Me encontré por fin cara a cara con tales imágenes cuatro años más tarde, en 2008, cuando Cathie Coleman, fundadora y responsable del departamento de fotografía del Museo Reina Sofía, apareció en mi recién ocupado despacho de actividades públicas con una caja en que traía algo que era importante que viera. Se trataba de una edición póstuma de la serie Arthur Rimbaud en Nueva York (1978-79) que el museo acababa de adquirir y que, según ella, tenían un valor singular. Desgraciadamente, Cathie no llegó a ver la exposición que años después dedicara el Reina Sofía a su admirado Wojnarowicz, con dicha serie como elemento protagonista.
Teniendo entre mis manos las imágenes decadentes y románticas en que el artista neoyorkino invocaba el fantasma del artista en fuga entre las ruinas biográficas y arquitectónicas del Lower East side, pude entender que, diez años después, un crítico malintencionado las contrapusiera a los eslóganes reivindicativos utilizados por los miembros de ACT UP; también entendí que Douglas, dotado de una agudísima sensibilidad estética, se negara a aceptar tal oposición.

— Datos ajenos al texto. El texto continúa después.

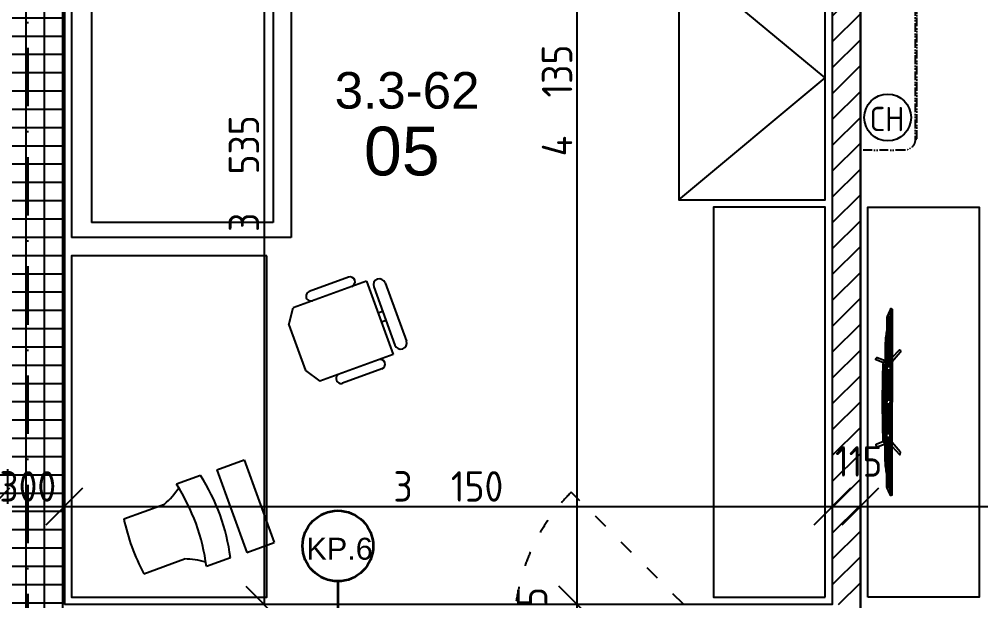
# Model space of a CAD drawing. Extents: x 4511820 to 5180432, y -1526536 to -944957.
# Drawn here: x 5109347 to 5113291, y -1122214 to -1119828 of the extents above; entities that cross this region are included whole.
import ezdxf

# ---------------------------------------------------------------- set-up
doc = ezdxf.new("R2010")
doc.units = 0
doc.header["$MEASUREMENT"] = 0
for name, pattern in [('ACAD_ISO03W100', [30, 12, -18]), ('ACAD_ISO12W100', [22, 12, -3, 0.5, -3, 0.5, -3]), ('BODKOCIARKOVANA_3', [5.6, 3, -1.3, 0, -1.3])]:
    doc.linetypes.add(name, pattern=pattern)
doc.layers.get('0').update_dxf_attribs({"linetype": 'CONTINUOUS'})
doc.layers.get('Defpoints').update_dxf_attribs({"color": 61, "linetype": 'CONTINUOUS'})
for name, color, linetype in [('KÓTY', 4, 'CONTINUOUS'), ('MÚRY', 1, 'CONTINUOUS'), ('OKNÁ', 143, 'CONTINUOUS'), ('osi', 253, 'CONTINUOUS'), ('Plochy', 41, 'CONTINUOUS'), ('POPIS', 7, 'CONTINUOUS'), ('ZARIADENIE', 47, 'CONTINUOUS'), ('ZZ-chladenie', 133, 'CONTINUOUS'), ('ŠRAFY', 82, 'CONTINUOUS')]:
    doc.layers.add(name, color=color, linetype=linetype)
doc.layers.add('preklady', color=74, linetype='CONTINUOUS', lineweight=35)
doc.styles.add('ARIAL', font='arial.ttf')
doc.styles.add('STYLE1', font='isocp.shx')
doc.dimstyles.new('STANDARD-50', dxfattribs={"dimtxt": 125, "dimasz": 150, "dimexe": 10, "dimexo": 200, "dimgap": 20, "dimtad": 1, "dimdsep": 46, "dimlunit": 6, "dimtxsty": 'STYLE1', "dimblk1": 'OBLIQUE', "dimblk2": 'OBLIQUE', "dimsah": 1, "dimcen": 2.5, "dimse1": 1, "dimse2": 1, "dimadec": 0, "dimazin": 0, "dimtfac": 1, "dimtmove": 1, "dimatfit": 3, "dimldrblk": 'OBLIQUE', "dimfxl": 1, "dimtolj": 1, "dimtzin": 0, "dimarcsym": 0})

# ---------------------------------------------------------------- blocks, each defined once
blk = doc.blocks.new('Tv06_top_cad-block.com')
at = {"color": 0}
for points in [[(-161.1, -3.4), (-173.3, 26.2, 0.359324), (-175.3, 27.3, 0.097501), (-182.8, 24.2, 0.350578), (-183.5, 22.1), (-171.1, -10.4)], [(161.1, -3.4), (173.3, 26.2, -0.359324), (175.3, 27.3, -0.097501), (182.8, 24.2, -0.350578), (183.5, 22.1), (171.1, -10.4)], [(-381.9, -38.8, -0.13121), (-383.2, -32.7, -0.169032), (-383, -32.3), (-381.8, -31.1, -0.205713), (-381.3, -30.9), (-378.5, -30.9, 0.118206), (-376.2, -30.4), (-351.4, -18.4, -0.105648), (-345.8, -17), (0, -17)], [(-339.3, -21.2), (-339.3, -21.2, 0.099639), (-344.3, -22.2), (-349.2, -24.6, 0.215889), (-350.7, -26.3, 0.476075), (-349.4, -28, 0.244765)], [(-295.5, -17), (-282, -15, -0.02037), (-255.8, -12, -0.012056), (-227.2, -10.7), (-169.3, -10.7)], [(-182.5, -38.8), (-214.4, -69.1, 0.250582), (-215, -71, 0.266718), (-214.3, -71.9, 0.084688)], [(-214.3, -71.9), (-207.3, -73.1, 0.211205), (-203.3, -72.1), (-165.2, -38.8)], [(-181.8, -17), (-178.5, -14, -0.213415), (-177.3, -13.6), (0, -13.6)], [(-172.1, -13.6, -0.072098), (-159.2, -3, -0.121861), (-158.4, -2.8)], [(-170.1, -10.6, -0.053076), (-160.2, -2.9), (-158.4, -2.8)], [(-147.6, -13.6), (-147.6, -7.5, -0.414214), (-147.4, -7.3), (-146.5, -7.3, -0.414214), (-146.3, -7.5), (-146.3, -13.6)], [(-146.8, -28, 0.414214), (-145, -26.2), (-145, -23, 0.414214), (-146.8, -21.2)], [(-143.9, -13.6), (-143.9, -7.5, -0.414214), (-143.7, -7.3), (-142.7, -7.3, -0.414214), (-142.6, -7.5), (-142.6, -13.6)], [(-140.2, -13.6), (-140.2, -7.5, -0.414214), (-140, -7.3), (-139, -7.3, -0.414214), (-138.8, -7.5), (-138.8, -13.6)], [(-136.4, -13.6), (-136.4, -7.5, -0.414214), (-136.3, -7.3), (-135.3, -7.3, -0.414214), (-135.1, -7.5), (-135.1, -13.6)], [(-132.7, -13.6), (-132.7, -7.5, -0.414214), (-132.5, -7.3), (-131.6, -7.3, -0.414214), (-131.4, -7.5), (-131.4, -13.6)], [(-128.8, -28, -0.414214), (-130.6, -26.2), (-130.6, -23, -0.414214), (-128.8, -21.2)], [(-129, -13.6), (-129, -7.5, -0.414214), (-128.8, -7.3), (-127.9, -7.3, -0.414214), (-127.7, -7.5), (-127.7, -13.6)], [(-125.3, -13.6), (-125.3, -7.5, -0.414214), (-125.1, -7.3), (-124.1, -7.3, -0.414214), (-124, -7.5), (-124, -13.6)], [(-121.6, -13.6), (-121.6, -7.5, -0.414214), (-121.4, -7.3), (-120.4, -7.3, -0.414214), (-120.2, -7.5), (-120.2, -13.6)], [(-117.8, -13.6), (-117.8, -7.5, -0.414214), (-117.7, -7.3), (-116.7, -7.3, -0.414214), (-116.5, -7.5), (-116.5, -13.6)], [(-114.1, -13.6), (-114.1, -7.5, -0.414214), (-113.9, -7.3), (-113, -7.3, -0.414214), (-112.8, -7.5), (-112.8, -13.6)], [(-110.4, -13.6), (-110.4, -7.5, -0.414214), (-110.2, -7.3), (-109.3, -7.3, -0.414214), (-109.1, -7.5), (-109.1, -13.6)], [(-106.7, -13.6), (-106.7, -7.5, -0.414214), (-106.5, -7.3), (-105.5, -7.3, -0.414214), (-105.4, -7.5), (-105.4, -13.6)], [(-103, -13.6), (-103, -7.5, -0.414214), (-102.8, -7.3), (-101.8, -7.3, -0.414214), (-101.6, -7.5), (-101.6, -13.6)], [(-99.2, -13.6), (-99.2, -7.5, -0.414214), (-99.1, -7.3), (-98.1, -7.3, -0.414214), (-97.9, -7.5), (-97.9, -13.6)], [(-95.5, -13.6), (-95.5, -7.5, -0.414214), (-95.3, -7.3), (-94.4, -7.3, -0.414214), (-94.2, -7.5), (-94.2, -13.6)], [(-91.8, -13.6), (-91.8, -7.5, -0.414214), (-91.6, -7.3), (-90.7, -7.3, -0.414214), (-90.5, -7.5), (-90.5, -13.6)], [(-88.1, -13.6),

Que la obra de Wojnarowicz llegara a un museo al otro lado del océano hacía justicia poética al hecho de que su identidad como artista despertara en una infantil visita al MoMA. Los escritos agrupados bajo el acertado título En la sombra del sueño americano, son los diarios de alguien que encuentra en la “vida de artista” la medida desmedida en que inscribir su inconforme subjetividad. Aquella estructura biográfica tejida desde el extrañamiento y la búsqueda de un horizonte inalcanzable había adquirido carta de naturaleza, a la vez que su expresión epigonal, en la literatura y el arte norteamericanos del siglo XX. David, cuya búsqueda/escapada venía propulsada por el desarraigo emocional de una infancia rota en una sociedad en descomposición, aparecía como un sujeto particularmente adecuado para encarnar el mito. Este le daba la oportunidad de plantear ad infinitum la pregunta ¿por qué? ¿por qué?, difiriendo la respuesta a la irreductible experiencia de un individuo en permanente huida de una vida vacía de sentido. El viaje, el encuentro con un otro desconocido, el enamoramiento fugaz, las impresiones de un caótico paisaje humano, la revelación de los sueños e, incluso, la estancia en París, son lugares comunes de este relato maestro que el joven Wojnarowicz vivió y transcribió con vocación, honestidad y talento.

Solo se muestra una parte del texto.